A la médiathèque, nous avons beaucoup de tomes de cette collection Mon histoire, publiée chez Gallimard Jeunesse. Et jusqu'à présent, je n'en avais ouvert aucun.

Le principe: sous la forme d'un journal intime, nous découvrons grâce à une narratrice connue ou anonyme toute une époque.

Ici, forcément, nous sommes plongés dans le duché de Bretagne à un moment clé de son histoire. En effet, le duc, père de Anne, doit livrer une bataille sans mercis contre Charles VIII, le roi des Français, qui entend annexer son duché. Par le prisme d'Anne, nous en apprenons donc plus sur ce conflit, sur les jeux d'alliance, sur les mouvements de combats, sur ce sentiment de précarité qui étreignaient les habitants de ce duché...
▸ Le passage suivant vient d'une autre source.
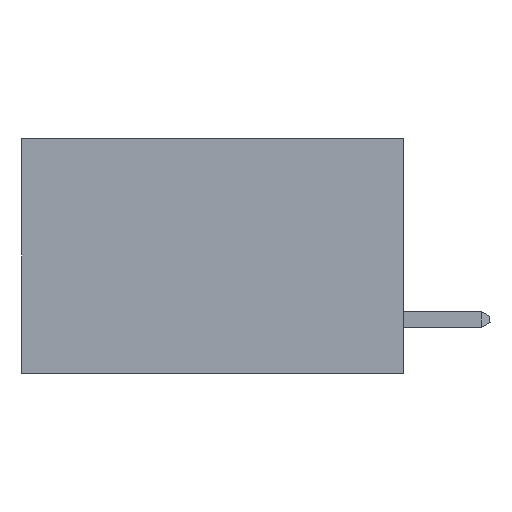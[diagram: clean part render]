
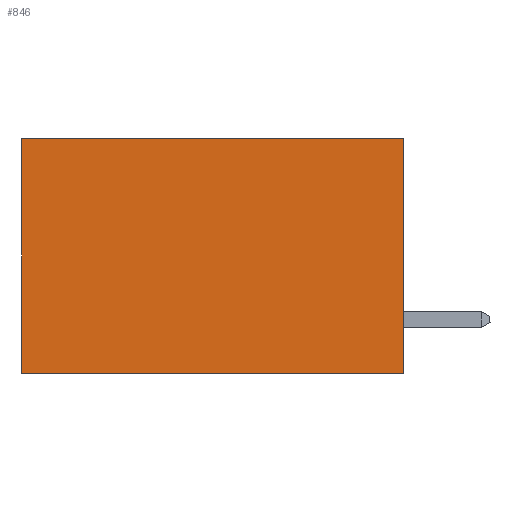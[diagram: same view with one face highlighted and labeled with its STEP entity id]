
A CAD part, left-side view. The second image highlights one B-rep face of the part: STEP entity #846.
In plain terms, the highlighted planar face has unit normal (-1, 0, 0).
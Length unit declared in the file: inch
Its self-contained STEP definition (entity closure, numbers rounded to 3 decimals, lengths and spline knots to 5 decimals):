
#366 = VERTEX_POINT ( 'NONE', #15609 ) ;
#846 = ADVANCED_FACE ( 'NONE', ( #5604 ), #10387, .F. ) ;
#1160 = CARTESIAN_POINT ( 'NONE',  ( 0.2875, 0.6, 0. ) ) ;
#2037 = VERTEX_POINT ( 'NONE', #10311 ) ;
#2932 = DIRECTION ( 'NONE',  ( 0., 0., -1. ) ) ;
#3426 = ORIENTED_EDGE ( 'NONE', *, *, #10632, .T. ) ;
#3887 = LINE ( 'NONE', #1160, #15023 ) ;
#4292 = AXIS2_PLACEMENT_3D ( 'NONE', #10287, #10418, #10474 ) ;
#4353 = CARTESIAN_POINT ( 'NONE',  ( 0.2875, 0., -0.37 ) ) ;
#5263 = VECTOR ( 'NONE', #10684, 39.37008 ) ;
#5604 = FACE_OUTER_BOUND ( 'NONE', #26058, .T. ) ;
#6375 = DIRECTION ( 'NONE',  ( 0., 1., 0. ) ) ;
#7178 = ORIENTED_EDGE ( 'NONE', *, *, #11530, .T. ) ;
#7334 = EDGE_CURVE ( 'NONE', #366, #7766, #13938, .T. ) ;
#7724 = CARTESIAN_POINT ( 'NONE',  ( 0.2875, 0.6, -0.37 ) ) ;
#7766 = VERTEX_POINT ( 'NONE', #7724 ) ;
#8655 = CARTESIAN_POINT ( 'NONE',  ( 0.2875, 0., 0. ) ) ;
#10220 = LINE ( 'NONE', #23029, #5263 ) ;
#10287 = CARTESIAN_POINT ( 'NONE',  ( 0.2875, 0., 0. ) ) ;
#10311 = CARTESIAN_POINT ( 'NONE',  ( 0.2875, 0.6, 0. ) ) ;
#10387 = PLANE ( 'NONE',  #4292 ) ;
#10418 = DIRECTION ( 'NONE',  ( 1., 0., 0. ) ) ;
#10474 = DIRECTION ( 'NONE',  ( 0., 0., -1. ) ) ;
#10632 = EDGE_CURVE ( 'NONE', #16412, #2037, #10220, .T. ) ;
#10684 = DIRECTION ( 'NONE',  ( 0., 1., 0. ) ) ;
#11028 = LINE ( 'NONE', #17562, #15860 ) ;
#11530 = EDGE_CURVE ( 'NONE', #2037, #7766, #3887, .T. ) ;
#13794 = DIRECTION ( 'NONE',  ( 0., 0., -1. ) ) ;
#13920 = ORIENTED_EDGE ( 'NONE', *, *, #21926, .F. ) ;
#13938 = LINE ( 'NONE', #4353, #19418 ) ;
#15023 = VECTOR ( 'NONE', #13794, 39.37008 ) ;
#15609 = CARTESIAN_POINT ( 'NONE',  ( 0.2875, 0., -0.37 ) ) ;
#15860 = VECTOR ( 'NONE', #2932, 39.37008 ) ;
#16412 = VERTEX_POINT ( 'NONE', #8655 ) ;
#17562 = CARTESIAN_POINT ( 'NONE',  ( 0.2875, 0., 0. ) ) ;
#19418 = VECTOR ( 'NONE', #6375, 39.37008 ) ;
#19658 = ORIENTED_EDGE ( 'NONE', *, *, #7334, .F. ) ;
#21926 = EDGE_CURVE ( 'NONE', #16412, #366, #11028, .T. ) ;
#23029 = CARTESIAN_POINT ( 'NONE',  ( 0.2875, 0., 0. ) ) ;
#26058 = EDGE_LOOP ( 'NONE', ( #7178, #19658, #13920, #3426 ) ) ;
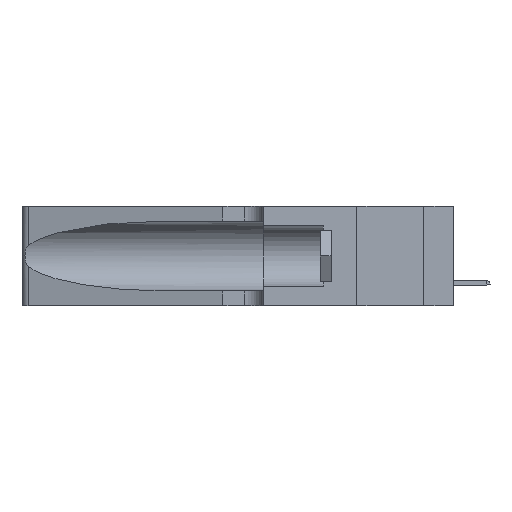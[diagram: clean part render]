
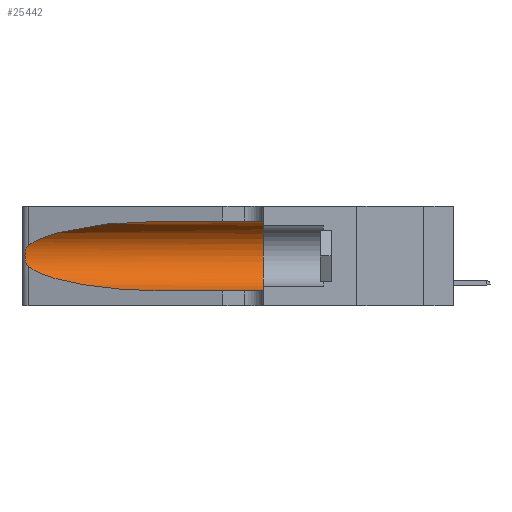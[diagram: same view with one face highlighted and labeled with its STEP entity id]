
A CAD part, left-side view. The second image highlights one B-rep face of the part: STEP entity #25442.
In plain terms, the highlighted cylindrical face has radius 3.308 mm (diameter 6.617 mm), a partial arc.
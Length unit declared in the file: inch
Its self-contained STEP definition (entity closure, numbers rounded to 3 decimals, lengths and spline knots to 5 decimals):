
#546 = CARTESIAN_POINT ( 'NONE',  ( 0.2373, 1.15595, 0.08982 ) ) ;
#749 = VERTEX_POINT ( 'NONE', #12301 ) ;
#810 = DIRECTION ( 'NONE',  ( 0., -1., 0. ) ) ;
#1398 = EDGE_CURVE ( 'NONE', #35990, #13759, #24307, .T. ) ;
#2129 = EDGE_CURVE ( 'NONE', #13759, #37269, #34414, .T. ) ;
#3034 = CARTESIAN_POINT ( 'NONE',  ( 0.25639, 1.23186, 0.15144 ) ) ;
#3244 = CARTESIAN_POINT ( 'NONE',  ( 0.25789, 1.23486, 0.15765 ) ) ;
#4303 = CARTESIAN_POINT ( 'NONE',  ( 0.2373, 1.15595, 0.28018 ) ) ;
#5687 = CARTESIAN_POINT ( 'NONE',  ( 0.1305, 0.35, 0.31525 ) ) ;
#6742 = CARTESIAN_POINT ( 'NONE',  ( 0.1305, 1.61858, 0.31525 ) ) ;
#6879 = CARTESIAN_POINT ( 'NONE',  ( 0.25487, 1.22718, 0.22369 ) ) ;
#7129 = CARTESIAN_POINT ( 'NONE',  ( 0.1305, 1.61858, 0.185 ) ) ;
#7615 = CARTESIAN_POINT ( 'NONE',  ( 0.25555, 1.22994, 0.2215 ) ) ;
#9645 = CARTESIAN_POINT ( 'NONE',  ( 0.1305, 0.72297, 0.31525 ) ) ;
#11142 = CARTESIAN_POINT ( 'NONE',  ( 0.26075, 1.23896, 0.178 ) ) ;
#11151 = ORIENTED_EDGE ( 'NONE', *, *, #34580, .F. ) ;
#11805 = DIRECTION ( 'NONE',  ( 0., 0., 1. ) ) ;
#12301 = CARTESIAN_POINT ( 'NONE',  ( 0.1305, 0.35, 0.05475 ) ) ;
#12576 = CARTESIAN_POINT ( 'NONE',  ( 0.18966, 0.96281, 0.05475 ) ) ;
#13759 = VERTEX_POINT ( 'NONE', #36453 ) ;
#14219 = EDGE_CURVE ( 'NONE', #37269, #28487, #28101, .T. ) ;
#14470 = CARTESIAN_POINT ( 'NONE',  ( 0.25487, 1.22718, 0.14631 ) ) ;
#14805 = EDGE_CURVE ( 'NONE', #28487, #749, #19340, .T. ) ;
#14876 = ORIENTED_EDGE ( 'NONE', *, *, #36185, .F. ) ;
#16116 = CARTESIAN_POINT ( 'NONE',  ( 0.1305, 0.72297, 0.05475 ) ) ;
#16445 = CARTESIAN_POINT ( 'NONE',  ( 0.26017, 1.23833, 0.17102 ) ) ;
#17684 = VERTEX_POINT ( 'NONE', #5687 ) ;
#18774 = CIRCLE ( 'NONE', #23808, 0.13025 ) ;
#19115 = DIRECTION ( 'NONE',  ( 0., -1., 0. ) ) ;
#19340 = LINE ( 'NONE', #25858, #27178 ) ;
#19607 = CARTESIAN_POINT ( 'NONE',  ( 0.25787, 1.23484, 0.2124 ) ) ;
#19702 = FACE_OUTER_BOUND ( 'NONE', #36631, .T. ) ;
#20190 = CARTESIAN_POINT ( 'NONE',  ( 0.25639, 1.23184, 0.21858 ) ) ;
#20858 = CARTESIAN_POINT ( 'NONE',  ( 0.1305, 0.72297, 0.05475 ) ) ;
#21459 = DIRECTION ( 'NONE',  ( 0., 1., 0. ) ) ;
#22779 = ORIENTED_EDGE ( 'NONE', *, *, #14805, .T. ) ;
#23679 = CARTESIAN_POINT ( 'NONE',  ( 0.25487, 1.22718, 0.14631 ) ) ;
#23808 = AXIS2_PLACEMENT_3D ( 'NONE', #36412, #21459, #11805 ) ;
#24307 =( BOUNDED_CURVE ( )  B_SPLINE_CURVE ( 3, ( #9645, #31475, #4303, #6879 ),
 .UNSPECIFIED., .F., .F. ) 
 B_SPLINE_CURVE_WITH_KNOTS ( ( 4, 4 ),
 ( 1.5708, 2.84003 ),
 .UNSPECIFIED. ) 
 CURVE ( )  GEOMETRIC_REPRESENTATION_ITEM ( )  RATIONAL_B_SPLINE_CURVE ( ( 1., 0.87, 0.87, 1. ) ) 
 REPRESENTATION_ITEM ( '' )  );
#25442 = ADVANCED_FACE ( 'NONE', ( #19702 ), #34101, .F. ) ;
#25858 = CARTESIAN_POINT ( 'NONE',  ( 0.1305, 1.61858, 0.05475 ) ) ;
#26110 = CARTESIAN_POINT ( 'NONE',  ( 0.25487, 1.22718, 0.22369 ) ) ;
#26442 = CARTESIAN_POINT ( 'NONE',  ( 0.1305, 0.72297, 0.31525 ) ) ;
#27178 = VECTOR ( 'NONE', #31762, 39.37008 ) ;
#27697 = VECTOR ( 'NONE', #810, 39.37008 ) ;
#28101 =( BOUNDED_CURVE ( )  B_SPLINE_CURVE ( 3, ( #30105, #546, #12576, #20858 ),
 .UNSPECIFIED., .F., .F. ) 
 B_SPLINE_CURVE_WITH_KNOTS ( ( 4, 4 ),
 ( 3.44316, 4.71239 ),
 .UNSPECIFIED. ) 
 CURVE ( )  GEOMETRIC_REPRESENTATION_ITEM ( )  RATIONAL_B_SPLINE_CURVE ( ( 1., 0.87, 0.87, 1. ) ) 
 REPRESENTATION_ITEM ( '' )  );
#28487 = VERTEX_POINT ( 'NONE', #16116 ) ;
#29163 = AXIS2_PLACEMENT_3D ( 'NONE', #7129, #19115, #37623 ) ;
#29214 = ORIENTED_EDGE ( 'NONE', *, *, #14219, .T. ) ;
#29251 = CARTESIAN_POINT ( 'NONE',  ( 0.25856, 1.23593, 0.16098 ) ) ;
#30105 = CARTESIAN_POINT ( 'NONE',  ( 0.25487, 1.22718, 0.14631 ) ) ;
#30864 = ORIENTED_EDGE ( 'NONE', *, *, #1398, .T. ) ;
#31421 = CARTESIAN_POINT ( 'NONE',  ( 0.25854, 1.2359, 0.20912 ) ) ;
#31475 = CARTESIAN_POINT ( 'NONE',  ( 0.18966, 0.96281, 0.31525 ) ) ;
#31762 = DIRECTION ( 'NONE',  ( 0., -1., 0. ) ) ;
#32217 = CARTESIAN_POINT ( 'NONE',  ( 0.26075, 1.23896, 0.19203 ) ) ;
#33711 = LINE ( 'NONE', #6742, #27697 ) ;
#34101 = CYLINDRICAL_SURFACE ( 'NONE', #29163, 0.13025 ) ;
#34414 = B_SPLINE_CURVE_WITH_KNOTS ( 'NONE', 3,
 ( #26110, #7615, #20190, #19607, #31421, #38108, #32217, #11142, #16445, #29251, #3244, #3034, #38870, #14470 ),
 .UNSPECIFIED., .F., .F.,
 ( 4, 2, 2, 2, 2, 2, 4 ),
 ( 0., 0.00027, 0.00053, 0.00107, 0.0016, 0.00187, 0.00214 ),
 .UNSPECIFIED. ) ;
#34580 = EDGE_CURVE ( 'NONE', #17684, #749, #18774, .T. ) ;
#35990 = VERTEX_POINT ( 'NONE', #26442 ) ;
#36108 = ORIENTED_EDGE ( 'NONE', *, *, #2129, .T. ) ;
#36185 = EDGE_CURVE ( 'NONE', #35990, #17684, #33711, .T. ) ;
#36412 = CARTESIAN_POINT ( 'NONE',  ( 0.1305, 0.35, 0.185 ) ) ;
#36453 = CARTESIAN_POINT ( 'NONE',  ( 0.25487, 1.22718, 0.22369 ) ) ;
#36631 = EDGE_LOOP ( 'NONE', ( #30864, #36108, #29214, #22779, #11151, #14876 ) ) ;
#37269 = VERTEX_POINT ( 'NONE', #23679 ) ;
#37623 = DIRECTION ( 'NONE',  ( 0., 0., -1. ) ) ;
#38108 = CARTESIAN_POINT ( 'NONE',  ( 0.26018, 1.23835, 0.19895 ) ) ;
#38870 = CARTESIAN_POINT ( 'NONE',  ( 0.25555, 1.22993, 0.14849 ) ) ;

Mais cet aspect pédagogique ne prend jamais le pas sur le déroulé de l'intrigue. Chaque entrée distille des informations tout en nous livrant les sensations ou les actions d'Anne.

Avec ce procédé, on peut toujours se poser la question de la limite entre fiction et réalité. Sans doute qu' Anne n'a jamais ressenti tout ce qui est exprimé. Cependant, quand on pense au public visé, j'approuve ce parti pris. Il permet vraiment aux plus jeunes d'assimiler de façon ludique tout un pan de l'histoire.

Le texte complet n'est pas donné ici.